We appreciate the interest in our article “An Analysis of the Use of Multiple Comparison Corrections in Ophthalmology Research.”
1 The comments presented by Huisingh and McGwin
2 provide a sound overview of the theory behind multiple comparison corrections, and compliment the historical and theoretical discussion presented in our study. We agree with the majority of their points; correcting for multiple comparisons is a multifaceted discussion without uniform acceptance that should be considered in studies involving multiple statistical comparisons.
Huisingh and McGwin suggest that we “define abstracts reporting five or more
P values as those needing a correction factor.”
2 However, in our report we actually champion the opposite viewpoint, that those not involved in a study's design (e.g., we, the post-hoc researchers) can never determine a posteriori if a correction factor was needed. As we mentioned in our text, studies reporting five or more
P values have a Family-wise Error Rate (FWER) greater than 20% and were chosen as “the best available sample of studies where a correction factor would need to be considered.”
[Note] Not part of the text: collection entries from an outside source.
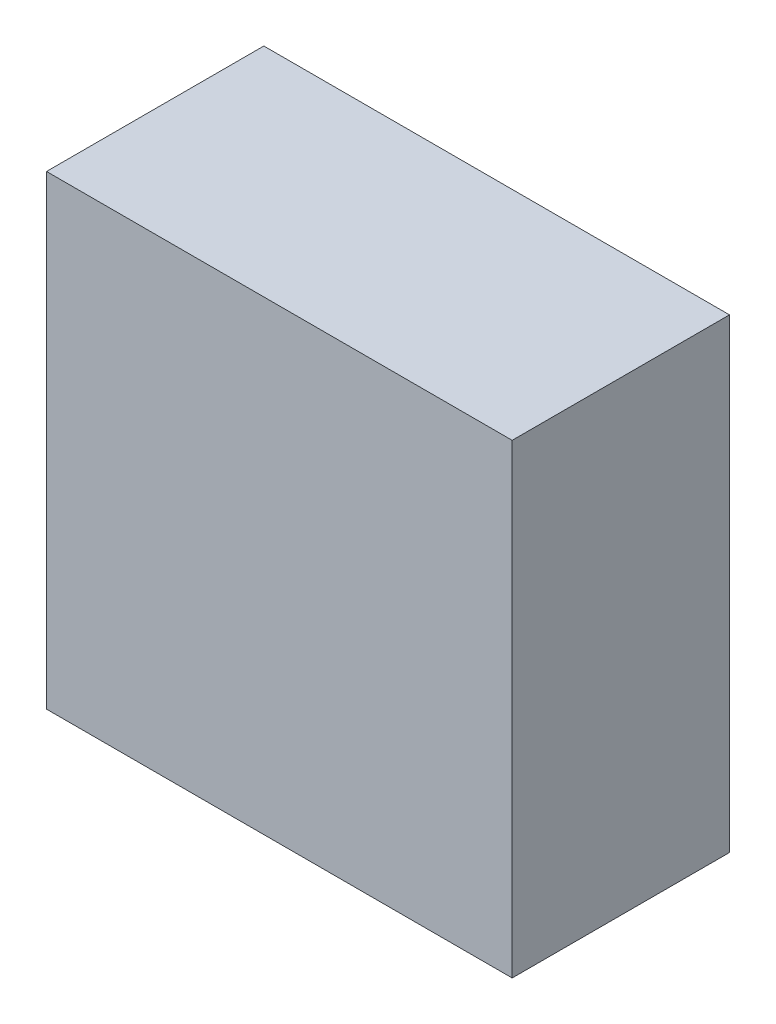
ISO-10303-21;
HEADER;
FILE_DESCRIPTION(('STEP AP214'),'2;1');
FILE_NAME('part.step','',(''),(''),'','','');
FILE_SCHEMA(('AUTOMOTIVE_DESIGN { 1 0 10303 214 1 1 1 1 }'));
ENDSEC;
DATA;
#1=APPLICATION_CONTEXT('core data for automotive mechanical design processes');
#2=APPLICATION_PROTOCOL_DEFINITION('international standard','automotive_design',2000,#1);
#3=PRODUCT_CONTEXT('',#1,'mechanical');
#4=PRODUCT('Part','Part','',(#3));
#5=PRODUCT_RELATED_PRODUCT_CATEGORY('part','',(#4));
#6=PRODUCT_DEFINITION_FORMATION('','',#4);
#7=PRODUCT_DEFINITION_CONTEXT('part definition',#1,'design');
#8=PRODUCT_DEFINITION('design','',#6,#7);
#9=PRODUCT_DEFINITION_SHAPE('','',#8);
#10=(LENGTH_UNIT() NAMED_UNIT(*) SI_UNIT(.MILLI.,.METRE.));
#11=(NAMED_UNIT(*) PLANE_ANGLE_UNIT() SI_UNIT($,.RADIAN.));
#12=(NAMED_UNIT(*) SI_UNIT($,.STERADIAN.) SOLID_ANGLE_UNIT());
#13=UNCERTAINTY_MEASURE_WITH_UNIT(LENGTH_MEASURE(1.E-05),#10,'distance_accuracy_value','');
#14=(GEOMETRIC_REPRESENTATION_CONTEXT(3) GLOBAL_UNCERTAINTY_ASSIGNED_CONTEXT((#13)) GLOBAL_UNIT_ASSIGNED_CONTEXT((#10,
#11,#12)) REPRESENTATION_CONTEXT('',''));
#15=CARTESIAN_POINT('',(0.,0.,0.));
#16=DIRECTION('',(0.,0.,1.));
#17=DIRECTION('',(1.,0.,0.));
#18=AXIS2_PLACEMENT_3D('',#15,#16,#17);
#19=CARTESIAN_POINT('',(0.,0.,35.));
#20=DIRECTION('',(1.,0.,0.));
#21=DIRECTION('',(0.,0.,-1.));
#22=AXIS2_PLACEMENT_3D('',#19,#20,#21);
#23=PLANE('',#22);
#24=DIRECTION('',(0.,-1.,0.));
#25=VECTOR('',#24,1.);
#26=CARTESIAN_POINT('',(0.,0.,0.));
#27=LINE('',#26,#25);
#28=CARTESIAN_POINT('',(0.,75.,0.));
#29=VERTEX_POINT('',#28);
#30=CARTESIAN_POINT('',(0.,0.,0.));
#31=VERTEX_POINT('',#30);
#32=EDGE_CURVE('E97',#29,#31,#27,.T.);
#33=ORIENTED_EDGE('',*,*,#32,.T.);
#34=DIRECTION('',(0.,0.,-1.));
#35=VECTOR('',#34,1.);
#36=CARTESIAN_POINT('',(0.,0.,35.));
#37=LINE('',#36,#35);
#38=CARTESIAN_POINT('',(0.,0.,35.));
#39=VERTEX_POINT('',#38);
#40=EDGE_CURVE('E11',#39,#31,#37,.T.);
#41=ORIENTED_EDGE('',*,*,#40,.F.);
#42=DIRECTION('',(0.,-1.,0.));
#43=VECTOR('',#42,1.);
#44=CARTESIAN_POINT('',(0.,0.,35.));
#45=LINE('',#44,#43);
#46=CARTESIAN_POINT('',(0.,75.,35.));
#47=VERTEX_POINT('',#46);
#48=EDGE_CURVE('E85',#47,#39,#45,.T.);
#49=ORIENTED_EDGE('',*,*,#48,.F.);
#50=DIRECTION('',(0.,0.,-1.));
#51=VECTOR('',#50,1.);
#52=CARTESIAN_POINT('',(0.,75.,35.));
#53=LINE('',#52,#51);
#54=EDGE_CURVE('E93',#47,#29,#53,.T.);
#55=ORIENTED_EDGE('',*,*,#54,.T.);
#56=EDGE_LOOP('',(#33,#41,#49,#55));
#57=FACE_BOUND('',#56,.T.);
#58=ADVANCED_FACE('F34',(#57),#23,.F.);
#59=CARTESIAN_POINT('',(0.,0.,35.));
#60=DIRECTION('',(0.,1.,0.));
#61=DIRECTION('',(0.,0.,1.));
#62=AXIS2_PLACEMENT_3D('',#59,#60,#61);
#63=PLANE('',#62);
#64=DIRECTION('',(1.,0.,0.));
#65=VECTOR('',#64,1.);
#66=CARTESIAN_POINT('',(0.,0.,0.));
#67=LINE('',#66,#65);
#68=CARTESIAN_POINT('',(75.,0.,0.));
#69=VERTEX_POINT('',#68);
#70=EDGE_CURVE('E89',#31,#69,#67,.T.);
#71=ORIENTED_EDGE('',*,*,#70,.T.);
#72=DIRECTION('',(0.,0.,-1.));
#73=VECTOR('',#72,1.);
#74=CARTESIAN_POINT('',(75.,0.,35.));
#75=LINE('',#74,#73);
#76=CARTESIAN_POINT('',(75.,0.,35.));
#77=VERTEX_POINT('',#76);
#78=EDGE_CURVE('E42',#77,#69,#75,.T.);
#79=ORIENTED_EDGE('',*,*,#78,.F.);
#80=DIRECTION('',(1.,0.,0.));
#81=VECTOR('',#80,1.);
#82=CARTESIAN_POINT('',(0.,0.,35.));
#83=LINE('',#82,#81);
#84=EDGE_CURVE('E80',#39,#77,#83,.T.);
#85=ORIENTED_EDGE('',*,*,#84,.F.);
#86=ORIENTED_EDGE('',*,*,#40,.T.);
#87=EDGE_LOOP('',(#71,#79,#85,#86));
#88=FACE_BOUND('',#87,.T.);
#89=ADVANCED_FACE('F88',(#88),#63,.F.);
#90=CARTESIAN_POINT('',(75.,0.,35.));
#91=DIRECTION('',(-1.,0.,0.));
#92=DIRECTION('',(0.,0.,1.));
#93=AXIS2_PLACEMENT_3D('',#90,#91,#92);
#94=PLANE('',#93);
#95=DIRECTION('',(0.,1.,0.));
#96=VECTOR('',#95,1.);
#97=CARTESIAN_POINT('',(75.,0.,0.));
#98=LINE('',#97,#96);
#99=CARTESIAN_POINT('',(75.,75.,0.));
#100=VERTEX_POINT('',#99);
#101=EDGE_CURVE('E67',#69,#100,#98,.T.);
#102=ORIENTED_EDGE('',*,*,#101,.T.);
#103=DIRECTION('',(0.,0.,-1.));
#104=VECTOR('',#103,1.);
#105=CARTESIAN_POINT('',(75.,75.,35.));
#106=LINE('',#105,#104);
#107=CARTESIAN_POINT('',(75.,75.,35.));
#108=VERTEX_POINT('',#107);
#109=EDGE_CURVE('E90',#108,#100,#106,.T.);
#110=ORIENTED_EDGE('',*,*,#109,.F.);
#111=DIRECTION('',(0.,1.,0.));
#112=VECTOR('',#111,1.);
#113=CARTESIAN_POINT('',(75.,0.,35.));
#114=LINE('',#113,#112);
#115=EDGE_CURVE('E83',#77,#108,#114,.T.);
#116=ORIENTED_EDGE('',*,*,#115,.F.);
#117=ORIENTED_EDGE('',*,*,#78,.T.);
#118=EDGE_LOOP('',(#102,#110,#116,#117));
#119=FACE_BOUND('',#118,.T.);
#120=ADVANCED_FACE('F91',(#119),#94,.F.);
#121=CARTESIAN_POINT('',(0.,75.,35.));
#122=DIRECTION('',(0.,-1.,0.));
#123=DIRECTION('',(0.,0.,-1.));
#124=AXIS2_PLACEMENT_3D('',#121,#122,#123);
#125=PLANE('',#124);
#126=DIRECTION('',(-1.,0.,0.));
#127=VECTOR('',#126,1.);
#128=CARTESIAN_POINT('',(0.,75.,0.));
#129=LINE('',#128,#127);
#130=EDGE_CURVE('E73',#100,#29,#129,.T.);
#131=ORIENTED_EDGE('',*,*,#130,.T.);
#132=ORIENTED_EDGE('',*,*,#54,.F.);
#133=DIRECTION('',(-1.,0.,0.));
#134=VECTOR('',#133,1.);
#135=CARTESIAN_POINT('',(0.,75.,35.));
#136=LINE('',#135,#134);
#137=EDGE_CURVE('E50',#108,#47,#136,.T.);
#138=ORIENTED_EDGE('',*,*,#137,.F.);
#139=ORIENTED_EDGE('',*,*,#109,.T.);
#140=EDGE_LOOP('',(#131,#132,#138,#139));
#141=FACE_BOUND('',#140,.T.);
#142=ADVANCED_FACE('F104',(#141),#125,.F.);
#143=CARTESIAN_POINT('',(0.,0.,35.));
#144=DIRECTION('',(0.,0.,-1.));
#145=DIRECTION('',(-1.,0.,0.));
#146=AXIS2_PLACEMENT_3D('',#143,#144,#145);
#147=PLANE('',#146);
#148=ORIENTED_EDGE('',*,*,#48,.T.);
#149=ORIENTED_EDGE('',*,*,#84,.T.);
#150=ORIENTED_EDGE('',*,*,#115,.T.);
#151=ORIENTED_EDGE('',*,*,#137,.T.);
#152=EDGE_LOOP('',(#148,#149,#150,#151));
#153=FACE_BOUND('',#152,.T.);
#154=ADVANCED_FACE('F81',(#153),#147,.F.);
#155=CARTESIAN_POINT('',(0.,0.,0.));
#156=DIRECTION('',(0.,0.,-1.));
#157=DIRECTION('',(-1.,0.,0.));
#158=AXIS2_PLACEMENT_3D('',#155,#156,#157);
#159=PLANE('',#158);
#160=ORIENTED_EDGE('',*,*,#32,.F.);
#161=ORIENTED_EDGE('',*,*,#130,.F.);
#162=ORIENTED_EDGE('',*,*,#101,.F.);
#163=ORIENTED_EDGE('',*,*,#70,.F.);
#164=EDGE_LOOP('',(#160,#161,#162,#163));
#165=FACE_BOUND('',#164,.T.);
#166=ADVANCED_FACE('F107',(#165),#159,.T.);
#167=CLOSED_SHELL('',(#58,#89,#120,#142,#154,#166));
#168=MANIFOLD_SOLID_BREP('B2',#167);
#169=ADVANCED_BREP_SHAPE_REPRESENTATION('',(#18,#168),#14);
#170=SHAPE_DEFINITION_REPRESENTATION(#9,#169);
ENDSEC;
END-ISO-10303-21;

1 It is not uncommon to produce multiple
P values and not require a correction factor, as can be seen in our own research.
3,4 Nevertheless, if a study has numerous statistical comparisons and researchers determine that a correction factor is not needed, this does not mean that the inflated FWER does not exist, it only means that the inflation is acceptable. Furthermore, the fact that not all studies with multiple statistical comparisons require the use of a correction factor does not release researchers from the obligation to determine, a priori, if a correction factor is required.
We acknowledge the limitations of our study mentioned in the letter, and have highlighted and discussed each one in great detail in our original study. The multiple comparisons problem is just one example of the limitations of
P values in medical and ophthalmic research.
5 P values are neither infallible nor perfectly reliable, and always must be used with a sound knowledge of their limitations. Unfortunately, they frequently are interpreted as the opposite: fixed thresholds that unfailingly define the limits of clinical efficacy. Though not perfect,
P values often are the best option available to make statistical inference. Therefore, recognizing the fallacies of
P values and the trust placed in them by clinicians, it is imperative that researchers do their part in addressing the multiple comparisons problem during study design.